Data for the task Block Start

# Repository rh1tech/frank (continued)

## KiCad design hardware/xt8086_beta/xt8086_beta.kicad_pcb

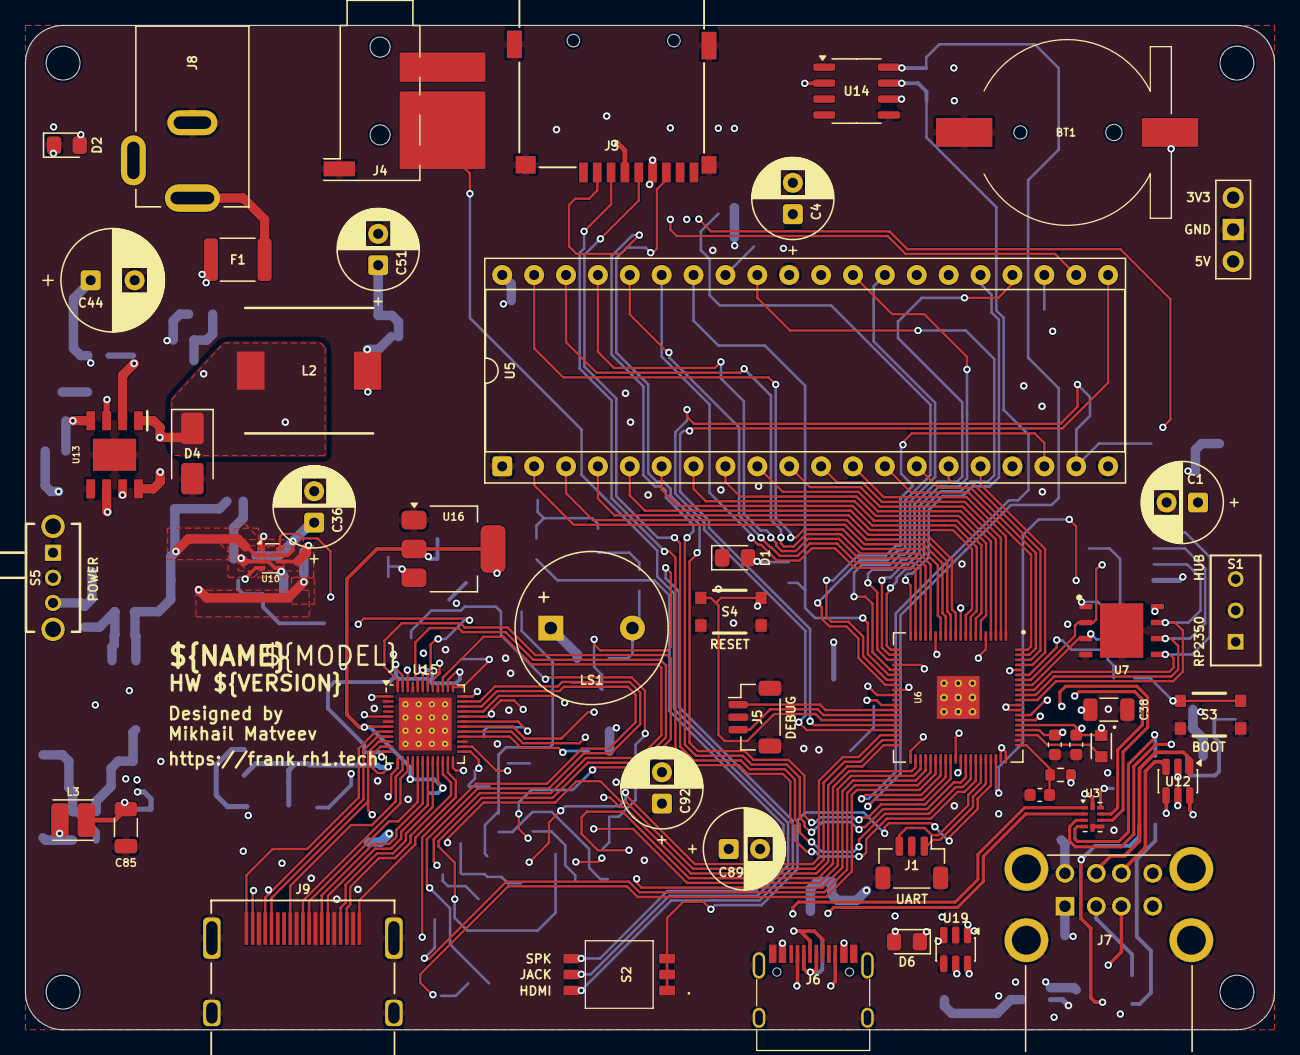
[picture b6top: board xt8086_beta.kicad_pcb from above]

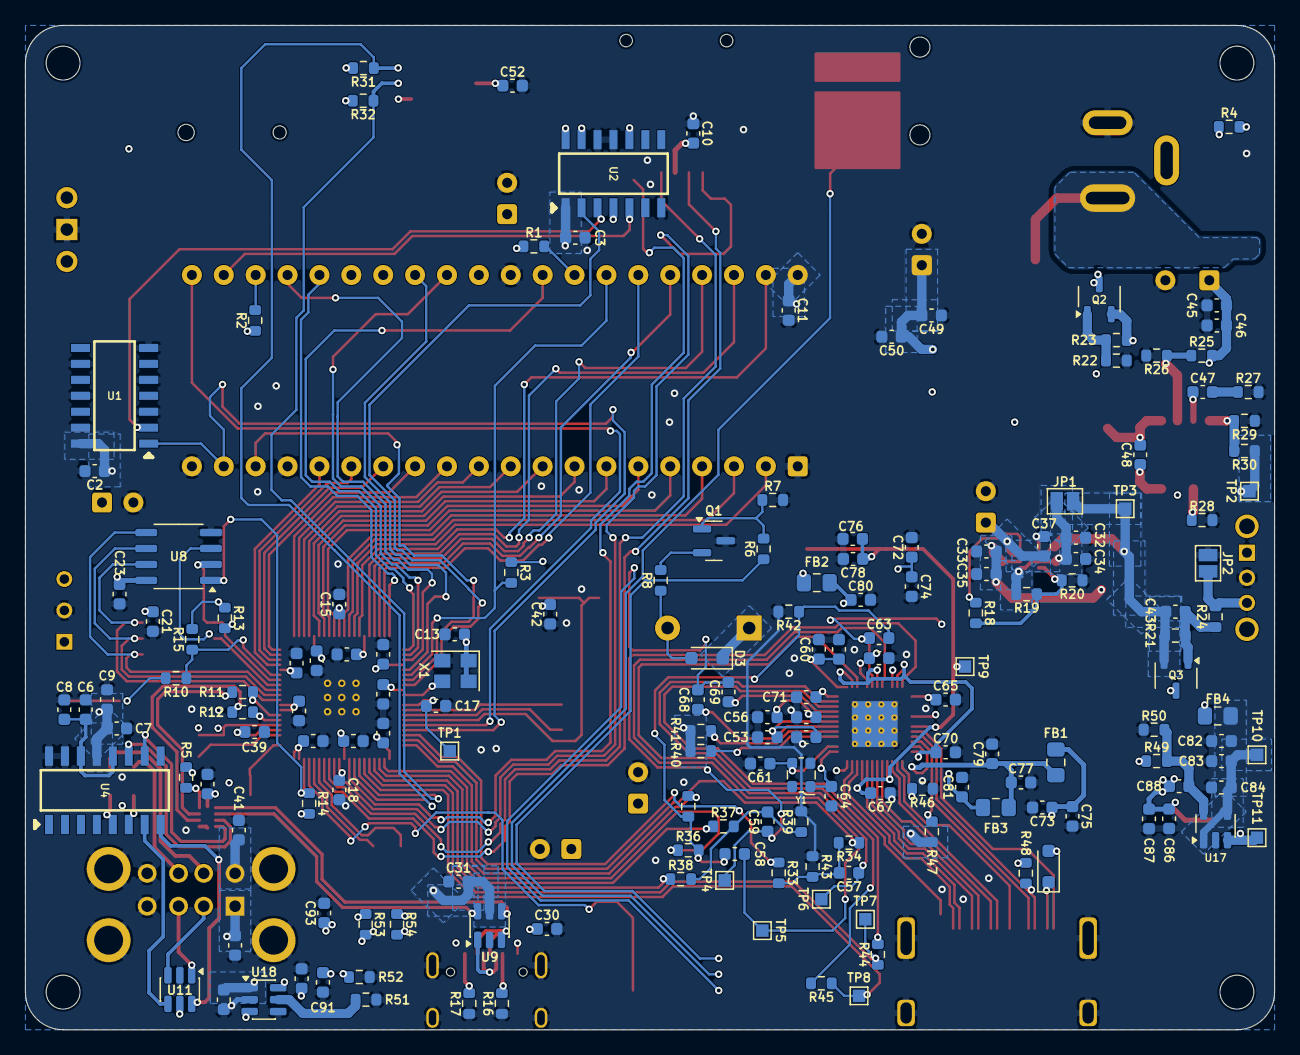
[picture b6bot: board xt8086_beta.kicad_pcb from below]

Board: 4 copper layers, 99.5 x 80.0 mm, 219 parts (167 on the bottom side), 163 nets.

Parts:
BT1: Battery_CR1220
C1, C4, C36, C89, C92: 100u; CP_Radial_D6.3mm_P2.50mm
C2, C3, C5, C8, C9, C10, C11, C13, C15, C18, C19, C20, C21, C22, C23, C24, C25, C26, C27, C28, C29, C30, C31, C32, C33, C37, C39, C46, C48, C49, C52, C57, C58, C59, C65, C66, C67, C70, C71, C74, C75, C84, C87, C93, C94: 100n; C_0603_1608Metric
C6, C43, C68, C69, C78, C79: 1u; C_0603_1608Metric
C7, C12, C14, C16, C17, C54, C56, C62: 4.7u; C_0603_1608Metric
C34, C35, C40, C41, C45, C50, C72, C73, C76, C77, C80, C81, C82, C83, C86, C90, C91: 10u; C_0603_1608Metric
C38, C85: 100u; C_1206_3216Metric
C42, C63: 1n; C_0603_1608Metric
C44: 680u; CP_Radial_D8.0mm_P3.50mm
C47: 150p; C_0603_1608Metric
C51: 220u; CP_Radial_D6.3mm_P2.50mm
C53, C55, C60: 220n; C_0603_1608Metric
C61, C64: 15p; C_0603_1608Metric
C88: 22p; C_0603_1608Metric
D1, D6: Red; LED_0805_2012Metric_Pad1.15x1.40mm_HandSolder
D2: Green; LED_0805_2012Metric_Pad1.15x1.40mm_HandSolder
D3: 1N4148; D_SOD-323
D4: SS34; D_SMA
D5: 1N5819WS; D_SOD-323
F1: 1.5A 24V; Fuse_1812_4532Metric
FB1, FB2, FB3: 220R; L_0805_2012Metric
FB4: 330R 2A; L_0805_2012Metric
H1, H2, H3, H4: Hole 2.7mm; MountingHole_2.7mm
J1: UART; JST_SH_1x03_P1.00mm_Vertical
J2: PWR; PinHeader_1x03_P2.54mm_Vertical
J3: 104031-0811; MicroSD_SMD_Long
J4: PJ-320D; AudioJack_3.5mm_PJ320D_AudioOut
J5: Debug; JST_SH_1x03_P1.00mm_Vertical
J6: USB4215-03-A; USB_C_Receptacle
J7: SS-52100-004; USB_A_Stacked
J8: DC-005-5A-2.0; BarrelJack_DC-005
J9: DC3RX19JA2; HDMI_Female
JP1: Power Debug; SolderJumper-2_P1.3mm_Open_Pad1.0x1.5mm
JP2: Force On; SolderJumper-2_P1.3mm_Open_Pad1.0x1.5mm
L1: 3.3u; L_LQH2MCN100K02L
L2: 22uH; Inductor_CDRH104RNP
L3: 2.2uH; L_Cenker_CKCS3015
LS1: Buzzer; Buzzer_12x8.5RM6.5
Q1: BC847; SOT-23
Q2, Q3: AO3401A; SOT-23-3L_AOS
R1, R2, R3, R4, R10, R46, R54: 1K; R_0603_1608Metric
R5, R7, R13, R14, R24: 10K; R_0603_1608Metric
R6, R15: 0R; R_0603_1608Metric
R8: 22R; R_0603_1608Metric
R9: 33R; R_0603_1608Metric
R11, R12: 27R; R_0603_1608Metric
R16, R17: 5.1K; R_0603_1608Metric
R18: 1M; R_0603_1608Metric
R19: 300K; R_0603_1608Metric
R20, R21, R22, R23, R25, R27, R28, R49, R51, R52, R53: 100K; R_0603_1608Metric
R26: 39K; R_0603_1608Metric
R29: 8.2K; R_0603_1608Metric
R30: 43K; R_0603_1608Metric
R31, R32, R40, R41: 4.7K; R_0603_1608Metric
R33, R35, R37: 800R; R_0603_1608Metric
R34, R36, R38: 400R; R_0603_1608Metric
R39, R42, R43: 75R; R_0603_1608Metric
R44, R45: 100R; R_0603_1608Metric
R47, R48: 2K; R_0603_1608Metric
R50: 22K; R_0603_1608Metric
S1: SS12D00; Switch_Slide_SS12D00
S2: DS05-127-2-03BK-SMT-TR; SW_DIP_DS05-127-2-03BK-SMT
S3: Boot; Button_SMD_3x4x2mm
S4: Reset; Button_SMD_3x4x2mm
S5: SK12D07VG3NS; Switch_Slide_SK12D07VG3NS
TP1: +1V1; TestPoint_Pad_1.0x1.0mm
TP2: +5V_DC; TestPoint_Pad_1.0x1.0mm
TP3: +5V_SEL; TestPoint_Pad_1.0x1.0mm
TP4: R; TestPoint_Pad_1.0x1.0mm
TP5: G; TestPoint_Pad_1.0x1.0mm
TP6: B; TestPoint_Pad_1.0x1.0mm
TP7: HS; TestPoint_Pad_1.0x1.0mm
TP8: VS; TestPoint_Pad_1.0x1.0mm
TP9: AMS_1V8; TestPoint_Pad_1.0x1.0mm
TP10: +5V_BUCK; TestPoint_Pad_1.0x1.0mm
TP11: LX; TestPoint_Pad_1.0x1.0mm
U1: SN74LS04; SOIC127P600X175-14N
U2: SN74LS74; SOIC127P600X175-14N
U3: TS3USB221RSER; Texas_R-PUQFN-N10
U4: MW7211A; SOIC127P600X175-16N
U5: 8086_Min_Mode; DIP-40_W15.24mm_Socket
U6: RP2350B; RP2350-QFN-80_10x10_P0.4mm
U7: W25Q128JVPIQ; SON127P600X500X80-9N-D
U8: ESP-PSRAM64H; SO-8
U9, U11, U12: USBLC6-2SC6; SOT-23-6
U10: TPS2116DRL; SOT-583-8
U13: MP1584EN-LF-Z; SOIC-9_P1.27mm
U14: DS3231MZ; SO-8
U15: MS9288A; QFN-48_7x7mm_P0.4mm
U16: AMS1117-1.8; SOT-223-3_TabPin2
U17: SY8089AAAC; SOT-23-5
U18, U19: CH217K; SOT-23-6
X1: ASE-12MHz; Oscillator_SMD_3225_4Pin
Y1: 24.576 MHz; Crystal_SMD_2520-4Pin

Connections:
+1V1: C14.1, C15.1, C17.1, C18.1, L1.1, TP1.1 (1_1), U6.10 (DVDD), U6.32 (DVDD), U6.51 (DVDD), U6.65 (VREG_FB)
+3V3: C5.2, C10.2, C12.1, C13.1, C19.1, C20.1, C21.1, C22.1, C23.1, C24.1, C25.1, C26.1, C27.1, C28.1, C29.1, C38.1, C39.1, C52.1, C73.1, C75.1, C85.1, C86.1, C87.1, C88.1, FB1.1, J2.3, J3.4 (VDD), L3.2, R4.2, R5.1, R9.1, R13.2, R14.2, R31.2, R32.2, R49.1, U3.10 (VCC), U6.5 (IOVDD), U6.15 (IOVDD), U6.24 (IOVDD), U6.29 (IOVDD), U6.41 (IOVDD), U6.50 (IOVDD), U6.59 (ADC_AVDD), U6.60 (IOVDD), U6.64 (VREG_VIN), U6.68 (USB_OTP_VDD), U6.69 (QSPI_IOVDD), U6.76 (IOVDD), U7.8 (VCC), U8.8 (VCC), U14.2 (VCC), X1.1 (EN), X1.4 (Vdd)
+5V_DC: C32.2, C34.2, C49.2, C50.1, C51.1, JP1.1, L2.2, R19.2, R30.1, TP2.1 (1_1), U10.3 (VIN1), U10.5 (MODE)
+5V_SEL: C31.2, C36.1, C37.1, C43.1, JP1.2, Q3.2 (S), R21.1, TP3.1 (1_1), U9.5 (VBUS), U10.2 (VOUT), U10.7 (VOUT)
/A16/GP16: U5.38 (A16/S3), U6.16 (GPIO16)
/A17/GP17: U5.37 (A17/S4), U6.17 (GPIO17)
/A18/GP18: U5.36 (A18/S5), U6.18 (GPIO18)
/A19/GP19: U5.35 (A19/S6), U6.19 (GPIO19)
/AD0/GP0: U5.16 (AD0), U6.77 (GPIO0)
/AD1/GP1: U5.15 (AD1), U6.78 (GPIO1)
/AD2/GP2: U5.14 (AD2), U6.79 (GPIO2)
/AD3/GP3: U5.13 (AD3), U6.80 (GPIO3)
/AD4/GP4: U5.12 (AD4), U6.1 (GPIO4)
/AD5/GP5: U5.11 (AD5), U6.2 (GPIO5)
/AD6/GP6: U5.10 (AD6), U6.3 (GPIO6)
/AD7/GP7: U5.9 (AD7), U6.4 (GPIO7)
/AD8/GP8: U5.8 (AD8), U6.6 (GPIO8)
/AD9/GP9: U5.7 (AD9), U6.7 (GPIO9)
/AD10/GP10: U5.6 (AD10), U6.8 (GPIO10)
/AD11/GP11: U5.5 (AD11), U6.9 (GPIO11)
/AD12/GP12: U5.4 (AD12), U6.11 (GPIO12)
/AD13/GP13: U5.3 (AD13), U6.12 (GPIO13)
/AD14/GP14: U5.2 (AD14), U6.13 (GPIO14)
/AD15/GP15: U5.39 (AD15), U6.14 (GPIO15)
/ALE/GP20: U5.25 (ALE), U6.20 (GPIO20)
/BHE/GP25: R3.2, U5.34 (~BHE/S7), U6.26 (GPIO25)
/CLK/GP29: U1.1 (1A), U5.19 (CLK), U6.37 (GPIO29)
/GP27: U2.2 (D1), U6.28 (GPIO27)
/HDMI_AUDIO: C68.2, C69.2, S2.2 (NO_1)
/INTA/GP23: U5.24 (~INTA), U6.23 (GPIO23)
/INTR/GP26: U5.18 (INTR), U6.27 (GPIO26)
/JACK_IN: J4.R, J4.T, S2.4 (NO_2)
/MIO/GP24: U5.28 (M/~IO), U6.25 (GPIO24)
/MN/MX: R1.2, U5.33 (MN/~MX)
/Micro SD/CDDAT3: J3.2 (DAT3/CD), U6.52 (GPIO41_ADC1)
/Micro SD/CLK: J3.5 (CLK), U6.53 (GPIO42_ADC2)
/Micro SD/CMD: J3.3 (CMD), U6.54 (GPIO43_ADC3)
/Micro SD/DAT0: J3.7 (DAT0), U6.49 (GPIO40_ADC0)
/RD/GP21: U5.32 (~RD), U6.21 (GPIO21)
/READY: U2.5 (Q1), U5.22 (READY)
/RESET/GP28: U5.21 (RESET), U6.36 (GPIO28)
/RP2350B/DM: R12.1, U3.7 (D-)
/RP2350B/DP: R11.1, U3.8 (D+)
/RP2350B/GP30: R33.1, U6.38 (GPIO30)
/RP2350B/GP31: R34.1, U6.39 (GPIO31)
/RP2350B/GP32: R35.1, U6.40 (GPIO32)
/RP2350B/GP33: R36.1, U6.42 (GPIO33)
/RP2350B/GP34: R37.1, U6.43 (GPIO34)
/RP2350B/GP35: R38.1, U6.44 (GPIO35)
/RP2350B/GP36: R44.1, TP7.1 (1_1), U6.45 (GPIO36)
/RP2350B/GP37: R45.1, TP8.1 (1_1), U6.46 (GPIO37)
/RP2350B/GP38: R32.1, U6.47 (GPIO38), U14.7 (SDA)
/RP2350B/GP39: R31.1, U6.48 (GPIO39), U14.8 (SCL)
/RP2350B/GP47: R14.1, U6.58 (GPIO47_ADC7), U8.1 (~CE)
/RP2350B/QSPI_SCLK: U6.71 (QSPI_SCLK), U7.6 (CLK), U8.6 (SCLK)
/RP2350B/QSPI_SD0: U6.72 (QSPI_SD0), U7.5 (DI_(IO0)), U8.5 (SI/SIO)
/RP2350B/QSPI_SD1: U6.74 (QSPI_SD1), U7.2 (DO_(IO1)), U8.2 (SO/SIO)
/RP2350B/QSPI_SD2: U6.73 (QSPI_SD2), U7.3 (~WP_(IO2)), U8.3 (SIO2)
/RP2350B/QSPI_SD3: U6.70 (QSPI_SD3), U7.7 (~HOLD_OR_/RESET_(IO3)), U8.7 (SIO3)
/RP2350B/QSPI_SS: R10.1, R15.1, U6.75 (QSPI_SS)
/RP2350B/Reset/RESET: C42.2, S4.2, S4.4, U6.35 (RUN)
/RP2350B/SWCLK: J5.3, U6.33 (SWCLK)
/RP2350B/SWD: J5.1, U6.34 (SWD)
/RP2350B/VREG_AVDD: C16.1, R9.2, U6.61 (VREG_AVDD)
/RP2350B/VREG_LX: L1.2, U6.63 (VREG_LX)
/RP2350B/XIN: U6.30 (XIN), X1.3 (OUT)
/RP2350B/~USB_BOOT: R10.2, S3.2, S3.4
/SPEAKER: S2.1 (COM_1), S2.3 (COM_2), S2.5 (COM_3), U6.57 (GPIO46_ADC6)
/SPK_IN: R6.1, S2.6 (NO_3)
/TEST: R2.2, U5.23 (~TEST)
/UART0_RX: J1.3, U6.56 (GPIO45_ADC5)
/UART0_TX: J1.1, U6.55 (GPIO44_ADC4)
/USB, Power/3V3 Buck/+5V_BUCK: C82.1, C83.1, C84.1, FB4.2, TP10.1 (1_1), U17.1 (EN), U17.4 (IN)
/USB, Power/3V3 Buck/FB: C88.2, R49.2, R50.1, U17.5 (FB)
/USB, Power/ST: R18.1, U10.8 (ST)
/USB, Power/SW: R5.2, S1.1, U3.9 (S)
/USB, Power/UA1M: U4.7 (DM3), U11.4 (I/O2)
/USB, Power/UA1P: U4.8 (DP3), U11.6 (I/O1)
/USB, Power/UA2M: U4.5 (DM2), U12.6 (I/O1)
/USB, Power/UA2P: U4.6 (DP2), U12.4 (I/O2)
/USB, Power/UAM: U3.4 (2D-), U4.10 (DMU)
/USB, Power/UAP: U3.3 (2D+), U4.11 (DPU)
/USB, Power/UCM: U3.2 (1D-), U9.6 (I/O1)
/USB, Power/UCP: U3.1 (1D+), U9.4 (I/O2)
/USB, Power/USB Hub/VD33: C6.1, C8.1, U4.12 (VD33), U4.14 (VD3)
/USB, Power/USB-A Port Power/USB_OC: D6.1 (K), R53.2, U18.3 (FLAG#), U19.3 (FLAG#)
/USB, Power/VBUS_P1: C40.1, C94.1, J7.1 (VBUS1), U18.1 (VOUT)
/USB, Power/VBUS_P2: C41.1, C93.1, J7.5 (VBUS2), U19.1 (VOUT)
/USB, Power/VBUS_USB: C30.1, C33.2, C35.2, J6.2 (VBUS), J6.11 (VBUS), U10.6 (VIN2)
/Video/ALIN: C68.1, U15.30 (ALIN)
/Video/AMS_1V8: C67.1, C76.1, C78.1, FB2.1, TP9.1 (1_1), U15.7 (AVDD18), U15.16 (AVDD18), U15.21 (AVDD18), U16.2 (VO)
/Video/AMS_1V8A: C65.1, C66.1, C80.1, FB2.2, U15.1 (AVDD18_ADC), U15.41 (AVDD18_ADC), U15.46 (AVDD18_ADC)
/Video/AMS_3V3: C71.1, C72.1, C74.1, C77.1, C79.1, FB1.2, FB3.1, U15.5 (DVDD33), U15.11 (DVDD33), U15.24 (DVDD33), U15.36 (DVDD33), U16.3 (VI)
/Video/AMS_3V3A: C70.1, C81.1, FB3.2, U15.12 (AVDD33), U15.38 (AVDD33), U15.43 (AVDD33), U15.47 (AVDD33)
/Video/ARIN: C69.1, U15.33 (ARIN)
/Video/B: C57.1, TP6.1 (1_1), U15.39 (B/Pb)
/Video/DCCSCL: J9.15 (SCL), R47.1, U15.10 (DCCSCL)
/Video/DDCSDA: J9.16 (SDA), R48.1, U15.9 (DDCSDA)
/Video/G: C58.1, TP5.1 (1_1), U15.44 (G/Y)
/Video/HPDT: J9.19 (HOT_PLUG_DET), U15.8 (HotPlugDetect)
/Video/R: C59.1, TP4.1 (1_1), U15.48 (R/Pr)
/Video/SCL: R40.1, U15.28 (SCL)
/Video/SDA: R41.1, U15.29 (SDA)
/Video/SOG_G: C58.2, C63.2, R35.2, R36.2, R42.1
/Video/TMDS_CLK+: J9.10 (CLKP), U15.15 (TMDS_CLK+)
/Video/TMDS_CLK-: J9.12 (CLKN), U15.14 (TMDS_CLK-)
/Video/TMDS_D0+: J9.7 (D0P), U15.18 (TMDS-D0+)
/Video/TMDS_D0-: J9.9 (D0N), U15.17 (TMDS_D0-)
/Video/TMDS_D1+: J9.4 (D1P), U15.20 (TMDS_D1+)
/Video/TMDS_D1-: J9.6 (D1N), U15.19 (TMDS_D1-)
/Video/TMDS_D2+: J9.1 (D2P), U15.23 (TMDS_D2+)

Data for the task Block End

Exercise prompt:
Taking the entries above, restate exactly those lines that fall between the line with "R18.1, U10.8 (ST)" and the line with "(D0N), U15.17 (TMDS_D0-)", keeping both of those lines too.

Task response:
/USB, Power/ST: R18.1, U10.8 (ST)
/USB, Power/SW: R5.2, S1.1, U3.9 (S)
/USB, Power/UA1M: U4.7 (DM3), U11.4 (I/O2)
/USB, Power/UA1P: U4.8 (DP3), U11.6 (I/O1)
/USB, Power/UA2M: U4.5 (DM2), U12.6 (I/O1)
/USB, Power/UA2P: U4.6 (DP2), U12.4 (I/O2)
/USB, Power/UAM: U3.4 (2D-), U4.10 (DMU)
/USB, Power/UAP: U3.3 (2D+), U4.11 (DPU)
/USB, Power/UCM: U3.2 (1D-), U9.6 (I/O1)
/USB, Power/UCP: U3.1 (1D+), U9.4 (I/O2)
/USB, Power/USB Hub/VD33: C6.1, C8.1, U4.12 (VD33), U4.14 (VD3)
/USB, Power/USB-A Port Power/USB_OC: D6.1 (K), R53.2, U18.3 (FLAG#), U19.3 (FLAG#)
/USB, Power/VBUS_P1: C40.1, C94.1, J7.1 (VBUS1), U18.1 (VOUT)
/USB, Power/VBUS_P2: C41.1, C93.1, J7.5 (VBUS2), U19.1 (VOUT)
/USB, Power/VBUS_USB: C30.1, C33.2, C35.2, J6.2 (VBUS), J6.11 (VBUS), U10.6 (VIN2)
/Video/ALIN: C68.1, U15.30 (ALIN)
/Video/AMS_1V8: C67.1, C76.1, C78.1, FB2.1, TP9.1 (1_1), U15.7 (AVDD18), U15.16 (AVDD18), U15.21 (AVDD18), U16.2 (VO)
/Video/AMS_1V8A: C65.1, C66.1, C80.1, FB2.2, U15.1 (AVDD18_ADC), U15.41 (AVDD18_ADC), U15.46 (AVDD18_ADC)
/Video/AMS_3V3: C71.1, C72.1, C74.1, C77.1, C79.1, FB1.2, FB3.1, U15.5 (DVDD33), U15.11 (DVDD33), U15.24 (DVDD33), U15.36 (DVDD33), U16.3 (VI)
/Video/AMS_3V3A: C70.1, C81.1, FB3.2, U15.12 (AVDD33), U15.38 (AVDD33), U15.43 (AVDD33), U15.47 (AVDD33)
/Video/ARIN: C69.1, U15.33 (ARIN)
/Video/B: C57.1, TP6.1 (1_1), U15.39 (B/Pb)
/Video/DCCSCL: J9.15 (SCL), R47.1, U15.10 (DCCSCL)
/Video/DDCSDA: J9.16 (SDA), R48.1, U15.9 (DDCSDA)
/Video/G: C58.1, TP5.1 (1_1), U15.44 (G/Y)
/Video/HPDT: J9.19 (HOT_PLUG_DET), U15.8 (HotPlugDetect)
/Video/R: C59.1, TP4.1 (1_1), U15.48 (R/Pr)
/Video/SCL: R40.1, U15.28 (SCL)
/Video/SDA: R41.1, U15.29 (SDA)
/Video/SOG_G: C58.2, C63.2, R35.2, R36.2, R42.1
/Video/TMDS_CLK+: J9.10 (CLKP), U15.15 (TMDS_CLK+)
/Video/TMDS_CLK-: J9.12 (CLKN), U15.14 (TMDS_CLK-)
/Video/TMDS_D0+: J9.7 (D0P), U15.18 (TMDS-D0+)
/Video/TMDS_D0-: J9.9 (D0N), U15.17 (TMDS_D0-)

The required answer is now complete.